#### DATA EXTRACT

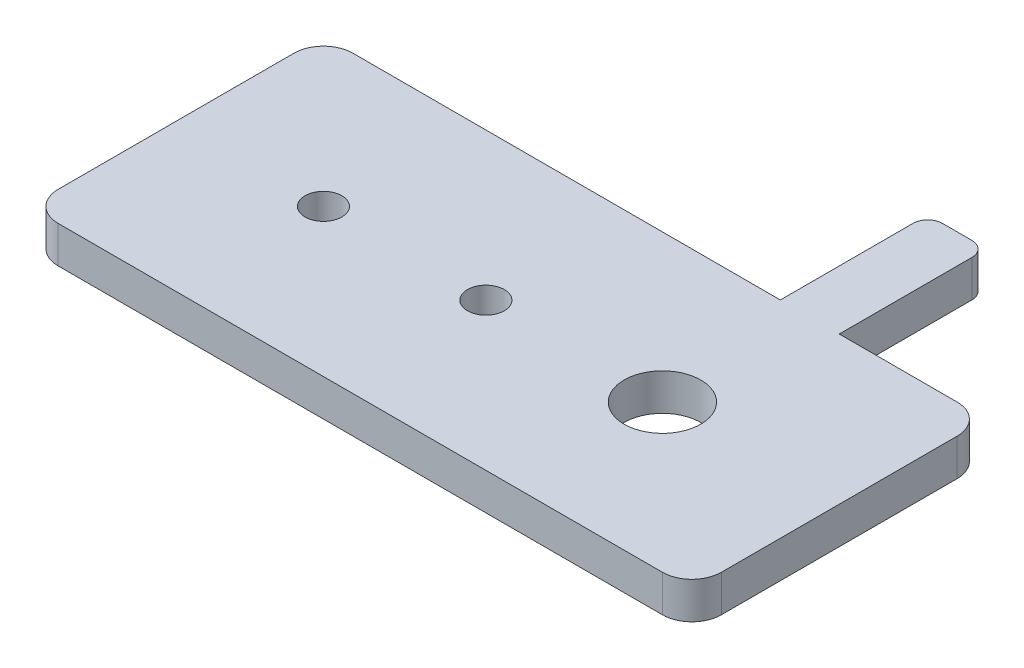
ISO-10303-21;
HEADER;
FILE_DESCRIPTION(('STEP AP214'),'2;1');
FILE_NAME('part.step','',(''),(''),'','','');
FILE_SCHEMA(('AUTOMOTIVE_DESIGN { 1 0 10303 214 1 1 1 1 }'));
ENDSEC;
DATA;
#1=APPLICATION_CONTEXT('core data for automotive mechanical design processes');
#2=APPLICATION_PROTOCOL_DEFINITION('international standard','automotive_design',2000,#1);
#3=PRODUCT_CONTEXT('',#1,'mechanical');
#4=PRODUCT('Part','Part','',(#3));
#5=PRODUCT_RELATED_PRODUCT_CATEGORY('part','',(#4));
#6=PRODUCT_DEFINITION_FORMATION('','',#4);
#7=PRODUCT_DEFINITION_CONTEXT('part definition',#1,'design');
#8=PRODUCT_DEFINITION('design','',#6,#7);
#9=PRODUCT_DEFINITION_SHAPE('','',#8);
#10=(LENGTH_UNIT() NAMED_UNIT(*) SI_UNIT(.MILLI.,.METRE.));
#11=(NAMED_UNIT(*) PLANE_ANGLE_UNIT() SI_UNIT($,.RADIAN.));
#12=(NAMED_UNIT(*) SI_UNIT($,.STERADIAN.) SOLID_ANGLE_UNIT());
#13=UNCERTAINTY_MEASURE_WITH_UNIT(LENGTH_MEASURE(1.E-05),#10,'distance_accuracy_value','');
#14=(GEOMETRIC_REPRESENTATION_CONTEXT(3) GLOBAL_UNCERTAINTY_ASSIGNED_CONTEXT((#13)) GLOBAL_UNIT_ASSIGNED_CONTEXT((#10,
#11,#12)) REPRESENTATION_CONTEXT('',''));
#15=CARTESIAN_POINT('',(0.,0.,0.));
#16=DIRECTION('',(0.,0.,1.));
#17=DIRECTION('',(1.,0.,0.));
#18=AXIS2_PLACEMENT_3D('',#15,#16,#17);
#19=CARTESIAN_POINT('',(54.61,3.175,-2.54));
#20=DIRECTION('',(0.,-1.,0.));
#21=DIRECTION('',(0.,0.,-1.));
#22=AXIS2_PLACEMENT_3D('',#19,#20,#21);
#23=CYLINDRICAL_SURFACE('',#22,2.54);
#24=CARTESIAN_POINT('',(54.61,0.,-2.54));
#25=DIRECTION('',(0.,1.,0.));
#26=DIRECTION('',(0.,0.,1.));
#27=AXIS2_PLACEMENT_3D('',#24,#25,#26);
#28=CIRCLE('',#27,2.54);
#29=CARTESIAN_POINT('',(54.61,0.,0.));
#30=VERTEX_POINT('',#29);
#31=CARTESIAN_POINT('',(57.15,0.,-2.54));
#32=VERTEX_POINT('',#31);
#33=EDGE_CURVE('E167',#30,#32,#28,.T.);
#34=ORIENTED_EDGE('',*,*,#33,.T.);
#35=DIRECTION('',(0.,-1.,0.));
#36=VECTOR('',#35,1.);
#37=CARTESIAN_POINT('',(57.15,3.175,-2.54));
#38=LINE('',#37,#36);
#39=CARTESIAN_POINT('',(57.15,3.175,-2.54));
#40=VERTEX_POINT('',#39);
#41=EDGE_CURVE('E11',#40,#32,#38,.T.);
#42=ORIENTED_EDGE('',*,*,#41,.F.);
#43=CARTESIAN_POINT('',(54.61,3.175,-2.54));
#44=DIRECTION('',(0.,1.,0.));
#45=DIRECTION('',(0.,0.,1.));
#46=AXIS2_PLACEMENT_3D('',#43,#44,#45);
#47=CIRCLE('',#46,2.54);
#48=CARTESIAN_POINT('',(54.61,3.175,0.));
#49=VERTEX_POINT('',#48);
#50=EDGE_CURVE('E194',#49,#40,#47,.T.);
#51=ORIENTED_EDGE('',*,*,#50,.F.);
#52=DIRECTION('',(0.,-1.,0.));
#53=VECTOR('',#52,1.);
#54=CARTESIAN_POINT('',(54.61,3.175,0.));
#55=LINE('',#54,#53);
#56=EDGE_CURVE('E163',#49,#30,#55,.T.);
#57=ORIENTED_EDGE('',*,*,#56,.T.);
#58=EDGE_LOOP('',(#34,#42,#51,#57));
#59=FACE_BOUND('',#58,.T.);
#60=ADVANCED_FACE('F35',(#59),#23,.T.);
#61=CARTESIAN_POINT('',(57.15,3.175,-2.54));
#62=DIRECTION('',(-1.,0.,0.));
#63=DIRECTION('',(0.,0.,1.));
#64=AXIS2_PLACEMENT_3D('',#61,#62,#63);
#65=PLANE('',#64);
#66=DIRECTION('',(0.,0.,-1.));
#67=VECTOR('',#66,1.);
#68=CARTESIAN_POINT('',(57.15,0.,-2.54));
#69=LINE('',#68,#67);
#70=CARTESIAN_POINT('',(57.15,0.,-22.86));
#71=VERTEX_POINT('',#70);
#72=EDGE_CURVE('E170',#32,#71,#69,.T.);
#73=ORIENTED_EDGE('',*,*,#72,.T.);
#74=DIRECTION('',(0.,-1.,0.));
#75=VECTOR('',#74,1.);
#76=CARTESIAN_POINT('',(57.15,3.175,-22.86));
#77=LINE('',#76,#75);
#78=CARTESIAN_POINT('',(57.15,3.175,-22.86));
#79=VERTEX_POINT('',#78);
#80=EDGE_CURVE('E43',#79,#71,#77,.T.);
#81=ORIENTED_EDGE('',*,*,#80,.F.);
#82=DIRECTION('',(0.,0.,-1.));
#83=VECTOR('',#82,1.);
#84=CARTESIAN_POINT('',(57.15,3.175,-2.54));
#85=LINE('',#84,#83);
#86=EDGE_CURVE('E112',#40,#79,#85,.T.);
#87=ORIENTED_EDGE('',*,*,#86,.F.);
#88=ORIENTED_EDGE('',*,*,#41,.T.);
#89=EDGE_LOOP('',(#73,#81,#87,#88));
#90=FACE_BOUND('',#89,.T.);
#91=ADVANCED_FACE('F283',(#90),#65,.F.);
#92=CARTESIAN_POINT('',(54.61,3.175,-22.86));
#93=DIRECTION('',(0.,-1.,0.));
#94=DIRECTION('',(0.,0.,-1.));
#95=AXIS2_PLACEMENT_3D('',#92,#93,#94);
#96=CYLINDRICAL_SURFACE('',#95,2.54);
#97=CARTESIAN_POINT('',(54.61,0.,-22.86));
#98=DIRECTION('',(0.,1.,0.));
#99=DIRECTION('',(0.,0.,-1.));
#100=AXIS2_PLACEMENT_3D('',#97,#98,#99);
#101=CIRCLE('',#100,2.54);
#102=CARTESIAN_POINT('',(54.61,0.,-25.4));
#103=VERTEX_POINT('',#102);
#104=EDGE_CURVE('E173',#71,#103,#101,.T.);
#105=ORIENTED_EDGE('',*,*,#104,.T.);
#106=DIRECTION('',(0.,-1.,0.));
#107=VECTOR('',#106,1.);
#108=CARTESIAN_POINT('',(54.61,3.175,-25.4));
#109=LINE('',#108,#107);
#110=CARTESIAN_POINT('',(54.61,3.175,-25.4));
#111=VERTEX_POINT('',#110);
#112=EDGE_CURVE('E219',#111,#103,#109,.T.);
#113=ORIENTED_EDGE('',*,*,#112,.F.);
#114=CARTESIAN_POINT('',(54.61,3.175,-22.86));
#115=DIRECTION('',(0.,1.,0.));
#116=DIRECTION('',(0.,0.,-1.));
#117=AXIS2_PLACEMENT_3D('',#114,#115,#116);
#118=CIRCLE('',#117,2.54);
#119=EDGE_CURVE('E227',#79,#111,#118,.T.);
#120=ORIENTED_EDGE('',*,*,#119,.F.);
#121=ORIENTED_EDGE('',*,*,#80,.T.);
#122=EDGE_LOOP('',(#105,#113,#120,#121));
#123=FACE_BOUND('',#122,.T.);
#124=ADVANCED_FACE('F225',(#123),#96,.T.);
#125=CARTESIAN_POINT('',(44.45,3.175,-25.4));
#126=DIRECTION('',(0.,0.,1.));
#127=DIRECTION('',(1.,0.,0.));
#128=AXIS2_PLACEMENT_3D('',#125,#126,#127);
#129=PLANE('',#128);
#130=DIRECTION('',(-1.,0.,0.));
#131=VECTOR('',#130,1.);
#132=CARTESIAN_POINT('',(44.45,0.,-25.4));
#133=LINE('',#132,#131);
#134=CARTESIAN_POINT('',(44.45,0.,-25.4));
#135=VERTEX_POINT('',#134);
#136=EDGE_CURVE('E175',#103,#135,#133,.T.);
#137=ORIENTED_EDGE('',*,*,#136,.T.);
#138=DIRECTION('',(0.,-1.,0.));
#139=VECTOR('',#138,1.);
#140=CARTESIAN_POINT('',(44.45,3.175,-25.4));
#141=LINE('',#140,#139);
#142=CARTESIAN_POINT('',(44.45,3.175,-25.4));
#143=VERTEX_POINT('',#142);
#144=EDGE_CURVE('E216',#143,#135,#141,.T.);
#145=ORIENTED_EDGE('',*,*,#144,.F.);
#146=DIRECTION('',(-1.,0.,0.));
#147=VECTOR('',#146,1.);
#148=CARTESIAN_POINT('',(44.45,3.175,-25.4));
#149=LINE('',#148,#147);
#150=EDGE_CURVE('E245',#111,#143,#149,.T.);
#151=ORIENTED_EDGE('',*,*,#150,.F.);
#152=ORIENTED_EDGE('',*,*,#112,.T.);
#153=EDGE_LOOP('',(#137,#145,#151,#152));
#154=FACE_BOUND('',#153,.T.);
#155=ADVANCED_FACE('F236',(#154),#129,.F.);
#156=CARTESIAN_POINT('',(44.45,3.175,-25.4));
#157=DIRECTION('',(-1.,0.,0.));
#158=DIRECTION('',(0.,0.,1.));
#159=AXIS2_PLACEMENT_3D('',#156,#157,#158);
#160=PLANE('',#159);
#161=DIRECTION('',(0.,0.,-1.));
#162=VECTOR('',#161,1.);
#163=CARTESIAN_POINT('',(44.45,0.,-25.4));
#164=LINE('',#163,#162);
#165=CARTESIAN_POINT('',(44.45,0.,-36.83));
#166=VERTEX_POINT('',#165);
#167=EDGE_CURVE('E177',#135,#166,#164,.T.);
#168=ORIENTED_EDGE('',*,*,#167,.T.);
#169=DIRECTION('',(0.,-1.,0.));
#170=VECTOR('',#169,1.);
#171=CARTESIAN_POINT('',(44.45,3.175,-36.83));
#172=LINE('',#171,#170);
#173=CARTESIAN_POINT('',(44.45,3.175,-36.83));
#174=VERTEX_POINT('',#173);
#175=EDGE_CURVE('E213',#174,#166,#172,.T.);
#176=ORIENTED_EDGE('',*,*,#175,.F.);
#177=DIRECTION('',(0.,0.,-1.));
#178=VECTOR('',#177,1.);
#179=CARTESIAN_POINT('',(44.45,3.175,-25.4));
#180=LINE('',#179,#178);
#181=EDGE_CURVE('E242',#143,#174,#180,.T.);
#182=ORIENTED_EDGE('',*,*,#181,.F.);
#183=ORIENTED_EDGE('',*,*,#144,.T.);
#184=EDGE_LOOP('',(#168,#176,#182,#183));
#185=FACE_BOUND('',#184,.T.);
#186=ADVANCED_FACE('F240',(#185),#160,.F.);
#187=CARTESIAN_POINT('',(43.18,3.175,-36.83));
#188=DIRECTION('',(0.,-1.,0.));
#189=DIRECTION('',(0.,0.,-1.));
#190=AXIS2_PLACEMENT_3D('',#187,#188,#189);
#191=CYLINDRICAL_SURFACE('',#190,1.27);
#192=CARTESIAN_POINT('',(43.18,0.,-36.83));
#193=DIRECTION('',(0.,1.,0.));
#194=DIRECTION('',(0.,0.,-1.));
#195=AXIS2_PLACEMENT_3D('',#192,#193,#194);
#196=CIRCLE('',#195,1.27);
#197=CARTESIAN_POINT('',(43.18,0.,-38.1));
#198=VERTEX_POINT('',#197);
#199=EDGE_CURVE('E179',#166,#198,#196,.T.);
#200=ORIENTED_EDGE('',*,*,#199,.T.);
#201=DIRECTION('',(0.,-1.,0.));
#202=VECTOR('',#201,1.);
#203=CARTESIAN_POINT('',(43.18,3.175,-38.1));
#204=LINE('',#203,#202);
#205=CARTESIAN_POINT('',(43.18,3.175,-38.1));
#206=VERTEX_POINT('',#205);
#207=EDGE_CURVE('E210',#206,#198,#204,.T.);
#208=ORIENTED_EDGE('',*,*,#207,.F.);
#209=CARTESIAN_POINT('',(43.18,3.175,-36.83));
#210=DIRECTION('',(0.,1.,0.));
#211=DIRECTION('',(0.,0.,-1.));
#212=AXIS2_PLACEMENT_3D('',#209,#210,#211);
#213=CIRCLE('',#212,1.27);
#214=EDGE_CURVE('E244',#174,#206,#213,.T.);
#215=ORIENTED_EDGE('',*,*,#214,.F.);
#216=ORIENTED_EDGE('',*,*,#175,.T.);
#217=EDGE_LOOP('',(#200,#208,#215,#216));
#218=FACE_BOUND('',#217,.T.);
#219=ADVANCED_FACE('F296',(#218),#191,.T.);
#220=CARTESIAN_POINT('',(40.64,3.175,-38.1));
#221=DIRECTION('',(0.,0.,1.));
#222=DIRECTION('',(1.,0.,0.));
#223=AXIS2_PLACEMENT_3D('',#220,#221,#222);
#224=PLANE('',#223);
#225=DIRECTION('',(-1.,0.,0.));
#226=VECTOR('',#225,1.);
#227=CARTESIAN_POINT('',(40.64,0.,-38.1));
#228=LINE('',#227,#226);
#229=CARTESIAN_POINT('',(40.64,0.,-38.1));
#230=VERTEX_POINT('',#229);
#231=EDGE_CURVE('E181',#198,#230,#228,.T.);
#232=ORIENTED_EDGE('',*,*,#231,.T.);
#233=DIRECTION('',(0.,-1.,0.));
#234=VECTOR('',#233,1.);
#235=CARTESIAN_POINT('',(40.64,3.175,-38.1));
#236=LINE('',#235,#234);
#237=CARTESIAN_POINT('',(40.64,3.175,-38.1));
#238=VERTEX_POINT('',#237);
#239=EDGE_CURVE('E207',#238,#230,#236,.T.);
#240=ORIENTED_EDGE('',*,*,#239,.F.);
#241=DIRECTION('',(-1.,0.,0.));
#242=VECTOR('',#241,1.);
#243=CARTESIAN_POINT('',(40.64,3.175,-38.1));
#244=LINE('',#243,#242);
#245=EDGE_CURVE('E247',#206,#238,#244,.T.);
#246=ORIENTED_EDGE('',*,*,#245,.F.);
#247=ORIENTED_EDGE('',*,*,#207,.T.);
#248=EDGE_LOOP('',(#232,#240,#246,#247));
#249=FACE_BOUND('',#248,.T.);
#250=ADVANCED_FACE('F299',(#249),#224,.F.);
#251=CARTESIAN_POINT('',(40.64,3.175,-36.83));
#252=DIRECTION('',(0.,-1.,0.));
#253=DIRECTION('',(0.,0.,-1.));
#254=AXIS2_PLACEMENT_3D('',#251,#252,#253);
#255=CYLINDRICAL_SURFACE('',#254,1.27);
#256=CARTESIAN_POINT('',(40.64,0.,-36.83));
#257=DIRECTION('',(0.,1.,0.));
#258=DIRECTION('',(0.,0.,-1.));
#259=AXIS2_PLACEMENT_3D('',#256,#257,#258);
#260=CIRCLE('',#259,1.27);
#261=CARTESIAN_POINT('',(39.37,0.,-36.83));
#262=VERTEX_POINT('',#261);
#263=EDGE_CURVE('E183',#230,#262,#260,.T.);
#264=ORIENTED_EDGE('',*,*,#263,.T.);
#265=DIRECTION('',(0.,-1.,0.));
#266=VECTOR('',#265,1.);
#267=CARTESIAN_POINT('',(39.37,3.175,-36.83));
#268=LINE('',#267,#266);
#269=CARTESIAN_POINT('',(39.37,3.175,-36.83));
#270=VERTEX_POINT('',#269);
#271=EDGE_CURVE('E204',#270,#262,#268,.T.);
#272=ORIENTED_EDGE('',*,*,#271,.F.);
#273=CARTESIAN_POINT('',(40.64,3.175,-36.83));
#274=DIRECTION('',(0.,1.,0.));
#275=DIRECTION('',(0.,0.,-1.));
#276=AXIS2_PLACEMENT_3D('',#273,#274,#275);
#277=CIRCLE('',#276,1.27);
#278=EDGE_CURVE('E253',#238,#270,#277,.T.);
#279=ORIENTED_EDGE('',*,*,#278,.F.);
#280=ORIENTED_EDGE('',*,*,#239,.T.);
#281=EDGE_LOOP('',(#264,#272,#279,#280));
#282=FACE_BOUND('',#281,.T.);
#283=ADVANCED_FACE('F303',(#282),#255,.T.);
#284=CARTESIAN_POINT('',(39.37,3.175,-25.4));
#285=DIRECTION('',(1.,0.,0.));
#286=DIRECTION('',(0.,0.,-1.));
#287=AXIS2_PLACEMENT_3D('',#284,#285,#286);
#288=PLANE('',#287);
#289=DIRECTION('',(0.,0.,1.));
#290=VECTOR('',#289,1.);
#291=CARTESIAN_POINT('',(39.37,0.,-25.4));
#292=LINE('',#291,#290);
#293=CARTESIAN_POINT('',(39.37,0.,-25.4));
#294=VERTEX_POINT('',#293);
#295=EDGE_CURVE('E185',#262,#294,#292,.T.);
#296=ORIENTED_EDGE('',*,*,#295,.T.);
#297=DIRECTION('',(0.,-1.,0.));
#298=VECTOR('',#297,1.);
#299=CARTESIAN_POINT('',(39.37,3.175,-25.4));
#300=LINE('',#299,#298);
#301=CARTESIAN_POINT('',(39.37,3.175,-25.4));
#302=VERTEX_POINT('',#301);
#303=EDGE_CURVE('E201',#302,#294,#300,.T.);
#304=ORIENTED_EDGE('',*,*,#303,.F.);
#305=DIRECTION('',(0.,0.,1.));
#306=VECTOR('',#305,1.);
#307=CARTESIAN_POINT('',(39.37,3.175,-25.4));
#308=LINE('',#307,#306);
#309=EDGE_CURVE('E255',#270,#302,#308,.T.);
#310=ORIENTED_EDGE('',*,*,#309,.F.);
#311=ORIENTED_EDGE('',*,*,#271,.T.);
#312=EDGE_LOOP('',(#296,#304,#310,#311));
#313=FACE_BOUND('',#312,.T.);
#314=ADVANCED_FACE('F307',(#313),#288,.F.);
#315=CARTESIAN_POINT('',(2.54000000000002,3.175,-25.4));
#316=DIRECTION('',(0.,0.,1.));
#317=DIRECTION('',(1.,0.,0.));
#318=AXIS2_PLACEMENT_3D('',#315,#316,#317);
#319=PLANE('',#318);
#320=DIRECTION('',(-1.,0.,0.));
#321=VECTOR('',#320,1.);
#322=CARTESIAN_POINT('',(2.54000000000002,0.,-25.4));
#323=LINE('',#322,#321);
#324=CARTESIAN_POINT('',(2.54000000000002,0.,-25.4));
#325=VERTEX_POINT('',#324);
#326=EDGE_CURVE('E187',#294,#325,#323,.T.);
#327=ORIENTED_EDGE('',*,*,#326,.T.);
#328=DIRECTION('',(0.,-1.,0.));
#329=VECTOR('',#328,1.);
#330=CARTESIAN_POINT('',(2.54000000000002,3.175,-25.4));
#331=LINE('',#330,#329);
#332=CARTESIAN_POINT('',(2.54000000000002,3.175,-25.4));
#333=VERTEX_POINT('',#332);
#334=EDGE_CURVE('E198',#333,#325,#331,.T.);
#335=ORIENTED_EDGE('',*,*,#334,.F.);
#336=DIRECTION('',(-1.,0.,0.));
#337=VECTOR('',#336,1.);
#338=CARTESIAN_POINT('',(2.54000000000002,3.175,-25.4));
#339=LINE('',#338,#337);
#340=EDGE_CURVE('E257',#302,#333,#339,.T.);
#341=ORIENTED_EDGE('',*,*,#340,.F.);
#342=ORIENTED_EDGE('',*,*,#303,.T.);
#343=EDGE_LOOP('',(#327,#335,#341,#342));
#344=FACE_BOUND('',#343,.T.);
#345=ADVANCED_FACE('F263',(#344),#319,.F.);
#346=CARTESIAN_POINT('',(2.54,3.175,-22.86));
#347=DIRECTION('',(0.,-1.,0.));
#348=DIRECTION('',(0.,0.,-1.));
#349=AXIS2_PLACEMENT_3D('',#346,#347,#348);
#350=CYLINDRICAL_SURFACE('',#349,2.54);
#351=CARTESIAN_POINT('',(2.54,0.,-22.86));
#352=DIRECTION('',(0.,1.,0.));
#353=DIRECTION('',(0.,0.,-1.));
#354=AXIS2_PLACEMENT_3D('',#351,#352,#353);
#355=CIRCLE('',#354,2.54);
#356=CARTESIAN_POINT('',(0.,0.,-22.86));
#357=VERTEX_POINT('',#356);
#358=EDGE_CURVE('E189',#325,#357,#355,.T.);
#359=ORIENTED_EDGE('',*,*,#358,.T.);
#360=DIRECTION('',(0.,-1.,0.));
#361=VECTOR('',#360,1.);
#362=CARTESIAN_POINT('',(0.,3.175,-22.86));
#363=LINE('',#362,#361);
#364=CARTESIAN_POINT('',(0.,3.175,-22.86));
#365=VERTEX_POINT('',#364);
#366=EDGE_CURVE('E158',#365,#357,#363,.T.);
#367=ORIENTED_EDGE('',*,*,#366,.F.);
#368=CARTESIAN_POINT('',(2.54,3.175,-22.86));
#369=DIRECTION('',(0.,1.,0.));
#370=DIRECTION('',(0.,0.,-1.));
#371=AXIS2_PLACEMENT_3D('',#368,#369,#370);
#372=CIRCLE('',#371,2.54);
#373=EDGE_CURVE('E149',#333,#365,#372,.T.);
#374=ORIENTED_EDGE('',*,*,#373,.F.);
#375=ORIENTED_EDGE('',*,*,#334,.T.);
#376=EDGE_LOOP('',(#359,#367,#374,#375));
#377=FACE_BOUND('',#376,.T.);
#378=ADVANCED_FACE('F267',(#377),#350,.T.);
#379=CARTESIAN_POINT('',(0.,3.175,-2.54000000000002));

########

* EXERCISE
Set down again, exactly, the lines of the material above from its first line to the one with "#10=(LENGTH_UNIT() NAMED_UNIT(*) SI_UNIT(.MILLI.,.METRE.));", inclusive. Leave the pictures out.

* REPLY TO THE EXERCISE
ISO-10303-21;
HEADER;
FILE_DESCRIPTION(('STEP AP214'),'2;1');
FILE_NAME('part.step','',(''),(''),'','','');
FILE_SCHEMA(('AUTOMOTIVE_DESIGN { 1 0 10303 214 1 1 1 1 }'));
ENDSEC;
DATA;
#1=APPLICATION_CONTEXT('core data for automotive mechanical design processes');
#2=APPLICATION_PROTOCOL_DEFINITION('international standard','automotive_design',2000,#1);
#3=PRODUCT_CONTEXT('',#1,'mechanical');
#4=PRODUCT('Part','Part','',(#3));
#5=PRODUCT_RELATED_PRODUCT_CATEGORY('part','',(#4));
#6=PRODUCT_DEFINITION_FORMATION('','',#4);
#7=PRODUCT_DEFINITION_CONTEXT('part definition',#1,'design');
#8=PRODUCT_DEFINITION('design','',#6,#7);
#9=PRODUCT_DEFINITION_SHAPE('','',#8);
#10=(LENGTH_UNIT() NAMED_UNIT(*) SI_UNIT(.MILLI.,.METRE.));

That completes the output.